Q&A: Jack Wells, Director of Science for the National Center for Computational Sciences

By Dawn Levy

September 26, 2011

New leader shares challenges and opportunities as the scientific community gears up for hybrid supercomputing

On July 1 Jack Wells became the director of science for the National Center for Computational Sciences (NCCS) at Oak Ridge National Laboratory (ORNL). The NCCS is a Department of Energy (DOE) Office of Science user facility for capability computing, which employs maximal computing power to solve in the shortest time possible problems of a size or complexity that no other computer can approach. Its Oak Ridge Leadership Computing Facility (OLCF) houses Jaguar, America’s fastest supercomputer, used by researchers to solve pressing science and energy challenges via modeling and simulation. Leveraging expertise and infrastructure, the NCCS also hosts the Gaea supercomputer, which ORNL operates on behalf of the National Oceanic and Atmospheric Administration, and the Kraken supercomputer, which is managed by the National Institute for Computational Sciences, a collaboration between the University of Tennessee and ORNL.

In this interview, Wells describes his vision for executing a scientific strategy for the NCCS that ensures cost-effective, state-of-the-art computing to facilitate DOE’s scientific missions. To begin this decade’s transition to exaflop computing, capable of carrying out a million trillion floating point operations per second, plans are in the works for a staged upgrade of Jaguar, a high performance computing system employing traditional CPU microprocessors, to transform it into Titan, a hybrid system employing both CPUs and GPUs,energy-efficient number crunchers that accelerate specific types of calculations in scientific application codes. As the OLCF gears up to deliver the system, expected to have a peak performance of 10–20 petaflops, by early 2013, Wells’s challenges are many.

HPCwire: What was your role in ORNL’s Computing and Computational Sciences Directorate before it housed and ran a national user facility?

Wells: I came here as a [Vanderbilt] graduate student working on Office of Science-funded projects in nuclear and atomic physics. My Ph.D. was sponsored by a grand challenge project funded under a program that started with the High Performance Computing and Communications Act of 1992—that’s called the Gore Act because Senator Gore was the main sponsor in the U.S. Senate, and it’s through that, as the old story goes, he ‘invented’ the Internet. It was that program [which partnered HPC science teams from around the country with ORNL computer scientists and hardware vendor Intel] that founded the Center for Computational Sciences (CCS) originally in 1992.

After a postdoc I came back to ORNL in ’97 as a Wigner Fellow in the CCS, and Buddy Bland [project director of the OLCF-2, which built the petascale Jaguar system, and the OLCF-3, which will build the even more powerful Titan] was my first group leader. I worked in the Scientific Computing group on parallel code performance optimization and doing my science in theoretical atomic and molecular physics. I did use the CCS computers that we had in my Ph.D. thesis—the Intel iPSC/860 and Intel XP/S 5 Paragon. Then when I came back in ’97 we had the XP/S 35 Paragon and XP/S 150 then too. We transitioned to the IBM Eagle by about 1999.

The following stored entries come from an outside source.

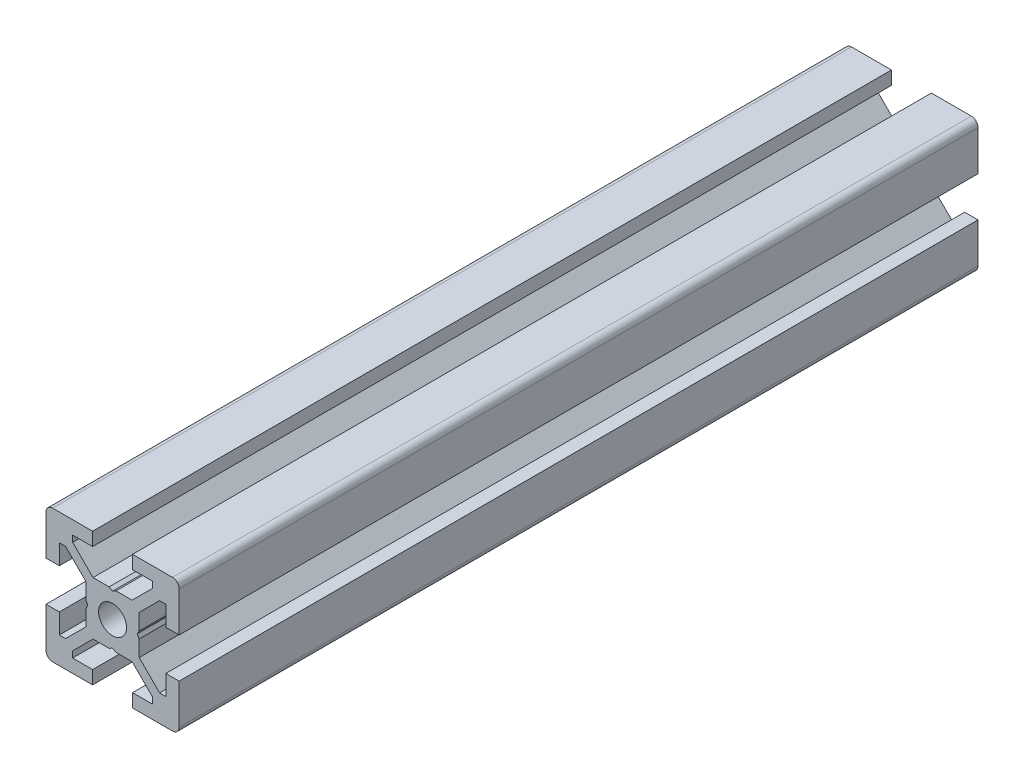
from build123d import *

# Parameters (mm, degrees)
EXTRUDE_1_DEPTH = 120
SKETCH_2_W      = 260
SKETCH_2_H      = 2.1


with BuildPart() as part:
    # ｽｹｯﾁ1 → ﾎﾞｽ - 押し出し1 (new body)
    with BuildSketch(Plane.XY):
        with BuildLine():
            Line((-10, -3), (-10, -9))
            ThreePointArc((-10, -9), (-9.707106781, -9.707106781), (-9, -10))
            Line((-9, -10), (-3, -10))
            Line((-3, -10), (-3, -8))
            Line((-3, -8), (-6, -8))
            Line((-6, -8), (-6, -7.060660172))
            Line((-6, -7.060660172), (-2.939339828, -4))
            Line((-2.939339828, -4), (-0.519615242, -4))
            Line((-0.519615242, -4), (0, -3.7))
            Line((0, -3.7), (0.519615242, -4))
            Line((0.519615242, -4), (2.939339828, -4))
            Line((2.939339828, -4), (6, -7.060660172))
            Line((6, -7.060660172), (6, -8))
            Line((6, -8), (3, -8))
            Line((3, -8), (3, -10))
            Line((3, -10), (9, -10))
            ThreePointArc((9, -10), (9.707106781, -9.707106781), (10, -9))
            Line((10, -9), (10, -3))
            Line((10, -3), (8, -3))
            Line((8, -3), (8, -6))
            Line((8, -6), (7.060660172, -6))
            Line((7.060660172, -6), (4, -2.939339828))
            Line((4, -2.939339828), (4, -0.519615242))
            Line((4, -0.519615242), (3.7, 0))
            Line((3.7, 0), (4, 0.519615242))
            Line((4, 0.519615242), (4, 2.939339828))
            Line((4, 2.939339828), (7.060660172, 6))
            Line((7.060660172, 6), (8, 6))
            Line((8, 6), (8, 3))
            Line((8, 3), (10, 3))
            Line((10, 3), (10, 9))
            ThreePointArc((10, 9), (9.707106781, 9.707106781), (9, 10))
            Line((9, 10), (3, 10))
            Line((3, 10), (3, 8))
            Line((3, 8), (6, 8))
            Line((6, 8), (6, 7.060660172))
            Line((6, 7.060660172), (2.939339828, 4))
            Line((2.939339828, 4), (0.519615242, 4))
            Line((0.519615242, 4), (0, 3.7))
            Line((0, 3.7), (-0.519615242, 4))
            Line((-0.519615242, 4), (-2.939339828, 4))
            Line((-2.939339828, 4), (-6, 7.060660172))
            Line((-6, 7.060660172), (-6, 8))
            Line((-6, 8), (-3, 8))
            Line((-3, 8), (-3, 10))
            Line((-3, 10), (-9, 10))
            ThreePointArc((-9, 10), (-9.707106781, 9.707106781), (-10, 9))
            Line((-10, 9), (-10, 3))
            Line((-10, 3), (-8, 3))
            Line((-8, 3), (-8, 6))
            Line((-8, 6), (-7.060660172, 6))
            Line((-7.060660172, 6), (-4, 2.939339828))
            Line((-4, 2.939339828), (-4, 0.519615242))
            Line((-4, 0.519615242), (-3.7, 0))
            Line((-3.7, 0), (-4, -0.519615242))
            Line((-4, -0.519615242), (-4, -2.939339828))
            Line((-4, -2.939339828), (-7.060660172, -6))
            Line((-7.060660172, -6), (-8, -6))
            Line((-8, -6), (-8, -3))
            Line((-8, -3), (-10, -3))
        make_face()
    extrude(amount=-EXTRUDE_1_DEPTH)

    # ｽｹｯﾁ2 → ｶｯﾄ - 回転1 (revolve, cut)
    with BuildSketch(Plane(origin=(0, 0, 0), x_dir=(0, 0, -1), z_dir=(1, 0, 0))):
        with Locations((130, 1.05)):
            Rectangle(SKETCH_2_W, SKETCH_2_H)
    revolve(axis=Axis((0, 0, -260), (0, 0, 1)), mode=Mode.SUBTRACT)


solid = part.part
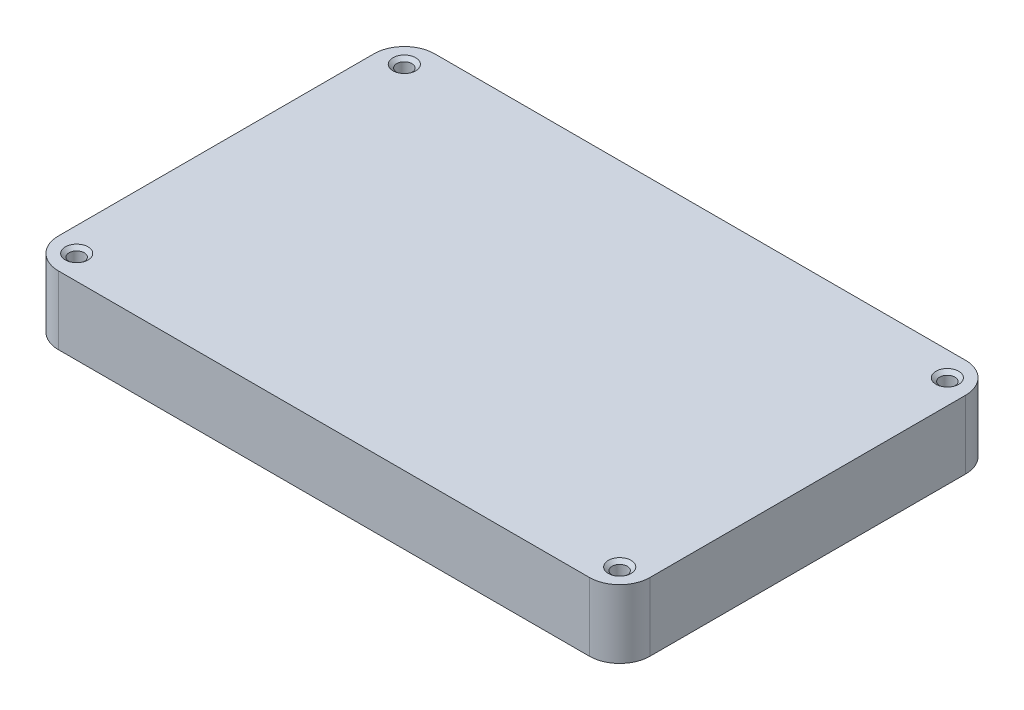
from build123d import *

# Parameters (mm, degrees)
BOSS_EXTRUDE1_DEPTH                    = 14.2875
F_97_0_0059_DIAMETER_HOLE1_D           = 3.175
F_97_0_0059_DIAMETER_HOLE1_CSINK_D     = 4.7625
F_97_0_0059_DIAMETER_HOLE1_CSINK_ANGLE = 100
CUT_EXTRUDE1_DEPTH                     = 12.065


with BuildPart() as part:
    # Sketch1 → Boss-Extrude1 (new body)
    with BuildSketch(Plane(origin=(0, 0, 0), x_dir=(1, 0, 0), z_dir=(0, 1, 0))):
        with BuildLine():
            Line((6.35, 0), (117.475, 0))
            ThreePointArc((117.475, 0), (121.965128061, 1.859871939), (123.825, 6.35))
            Line((123.825, 6.35), (123.825, 72.39))
            ThreePointArc((123.825, 72.39), (121.965128061, 76.880128061), (117.475, 78.74))
            Line((117.475, 78.74), (6.35, 78.74))
            ThreePointArc((6.35, 78.74), (1.859871939, 76.880128061), (0, 72.39))
            Line((0, 72.39), (0, 6.35))
            ThreePointArc((0, 6.35), (1.859871939, 1.859871939), (6.35, 0))
        make_face()
    extrude(amount=BOSS_EXTRUDE1_DEPTH)

    # #97 (0.0059) Diameter Hole1 (through all)
    with Locations(Plane(origin=(0, 14.2875, 0), x_dir=(1, 0, 0), z_dir=(0, 1, 0))):
        with Locations((5.08, 5.08), (5.08, 73.66), (118.745, 73.66), (118.745, 5.08)):
            CounterSinkHole(F_97_0_0059_DIAMETER_HOLE1_D / 2, F_97_0_0059_DIAMETER_HOLE1_CSINK_D / 2, counter_sink_angle=F_97_0_0059_DIAMETER_HOLE1_CSINK_ANGLE)

    # Sketch5 → Cut-Extrude1 (cut)
    with BuildSketch(Plane(origin=(0, 0, 0), x_dir=(-1, 0, 0), z_dir=(0, -1, 0))):
        with BuildLine():
            Line((-111.125, 73.18375), (-111.125, 62.865))
            ThreePointArc((-111.125, 62.865), (-112.984871939, 58.374871939), (-117.475, 56.515))
            Line((-117.475, 56.515), (-118.26875, 56.515))
            Line((-118.26875, 56.515), (-118.26875, 12.7))
            Line((-118.26875, 12.7), (-117.475, 12.7))
            ThreePointArc((-117.475, 12.7), (-112.984871939, 10.840128061), (-111.125, 6.35))
            Line((-111.125, 6.35), (-111.125, 5.55625))
            Line((-111.125, 5.55625), (-12.7, 5.55625))
            Line((-12.7, 5.55625), (-12.7, 15.875))
            ThreePointArc((-12.7, 15.875), (-10.840128061, 20.365128061), (-6.35, 22.225))
            Line((-6.35, 22.225), (-5.55625, 22.225))
            Line((-5.55625, 22.225), (-5.55625, 56.515))
            Line((-5.55625, 56.515), (-10.16, 56.515))
            ThreePointArc((-10.16, 56.515), (-11.956051224, 57.258948776), (-12.7, 59.055))
            Line((-12.7, 59.055), (-12.7, 73.18375))
            Line((-12.7, 73.18375), (-111.125, 73.18375))
        make_face()
    extrude(amount=-CUT_EXTRUDE1_DEPTH, mode=Mode.SUBTRACT)


solid = part.part
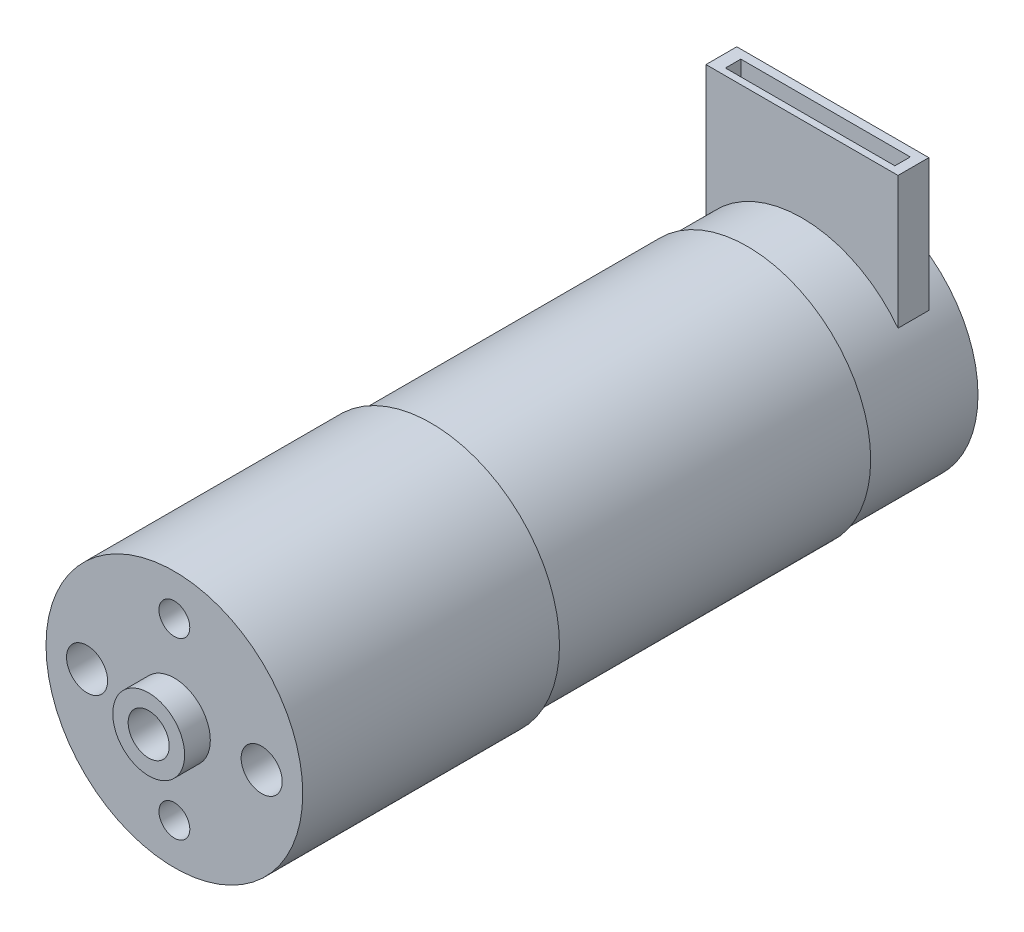
from build123d import *

# Parameters (mm, degrees)
SKETCH1_R           = 12
BOSS_EXTRUDE1_DEPTH = 30.8
SKETCH2_R           = 12.5
BOSS_EXTRUDE2_DEPTH = 25
SKETCH3_R           = 3.5
BOSS_EXTRUDE3_DEPTH = 2.5
SKETCH6_R           = 11.75
BOSS_EXTRUDE5_DEPTH = 10.7
SKETCH7_W           = 18.699432978
SKETCH7_H           = 3
BOSS_EXTRUDE6_DEPTH = 20
SKETCH10_W          = 16.5
SKETCH10_H          = 1.5
CUT_EXTRUDE4_DEPTH  = 10
SKETCH4_R           = 2
CUT_EXTRUDE7_DEPTH  = 10
SKETCH11_R          = 1.5
SKETCH11_R_2        = 2
CUT_EXTRUDE8_DEPTH  = 10


with BuildPart() as part:
    # Sketch1 → Boss-Extrude1 (new body)
    with BuildSketch(Plane.XY):
        Circle(SKETCH1_R)
    extrude(amount=BOSS_EXTRUDE1_DEPTH)

    # Sketch2 → Boss-Extrude2 (add)
    with BuildSketch(Plane.XY.offset(30.8)):
        Circle(SKETCH2_R)
    extrude(amount=BOSS_EXTRUDE2_DEPTH)

    # Sketch3 → Boss-Extrude3 (add)
    with BuildSketch(Plane.XY.offset(55.8)):
        Circle(SKETCH3_R)
    extrude(amount=BOSS_EXTRUDE3_DEPTH)

    # Sketch6 → Boss-Extrude5 (add)
    with BuildSketch(Plane(origin=(0, 0, 0), x_dir=(-1, 0, 0), z_dir=(0, 0, -1))):
        Circle(SKETCH6_R)
    extrude(amount=BOSS_EXTRUDE5_DEPTH)

    # Sketch7 → Boss-Extrude6 (add)
    with BuildSketch(Plane(origin=(0, 0, 0), x_dir=(1, 0, 0), z_dir=(0, 1, 0))):
        with Locations((0, 6.81237414)):
            Rectangle(SKETCH7_W, SKETCH7_H)
    extrude(amount=BOSS_EXTRUDE6_DEPTH)

    # Sketch10 → Cut-Extrude4 (cut)
    with BuildSketch(Plane(origin=(0, 20, 0), x_dir=(1, 0, 0), z_dir=(0, 1, 0))):
        with Locations((0.137296408, 6.718389465)):
            Rectangle(SKETCH10_W, SKETCH10_H)
    extrude(amount=-CUT_EXTRUDE4_DEPTH, mode=Mode.SUBTRACT)

    # Sketch4 → Cut-Extrude7 (cut)
    with BuildSketch(Plane.XY.offset(58.3)):
        Circle(SKETCH4_R)
    extrude(amount=-CUT_EXTRUDE7_DEPTH, mode=Mode.SUBTRACT)

    # Sketch11 → Cut-Extrude8 (cut)
    with BuildSketch(Plane.XY.offset(55.8)):
        with Locations((0, 8.5)):
            Circle(SKETCH11_R)
        with Locations((8.5, 0)):
            Circle(SKETCH11_R_2)
        with Locations((-8.5, 0)):
            Circle(SKETCH11_R_2)
        with Locations((0, -8.5)):
            Circle(SKETCH11_R)
    extrude(amount=-CUT_EXTRUDE8_DEPTH, mode=Mode.SUBTRACT)


solid = part.part

The point is that we had a CCS even before we had a Leadership Computing Facility. Beginning in 1999, I worked on basic materials and engineering physics programs in DOE’s Office of Science Basic Energy Sciences. And then when the [Center for Nanophase Materials Sciences, or CNMS] was constructed at Oak Ridge, I along with my group was matrixed to form the Nanomaterials Theory Institute at the CNMS. During that time, Oak Ridge competed for and won the DOE Leadership Computing Facility in 2004. The significant thing is that CCS has been here for almost 20 years. Next year we have a 20-year anniversary.

HPCwire: What was it like to serve as an advisor to Tennessee Senator Lamar Alexander?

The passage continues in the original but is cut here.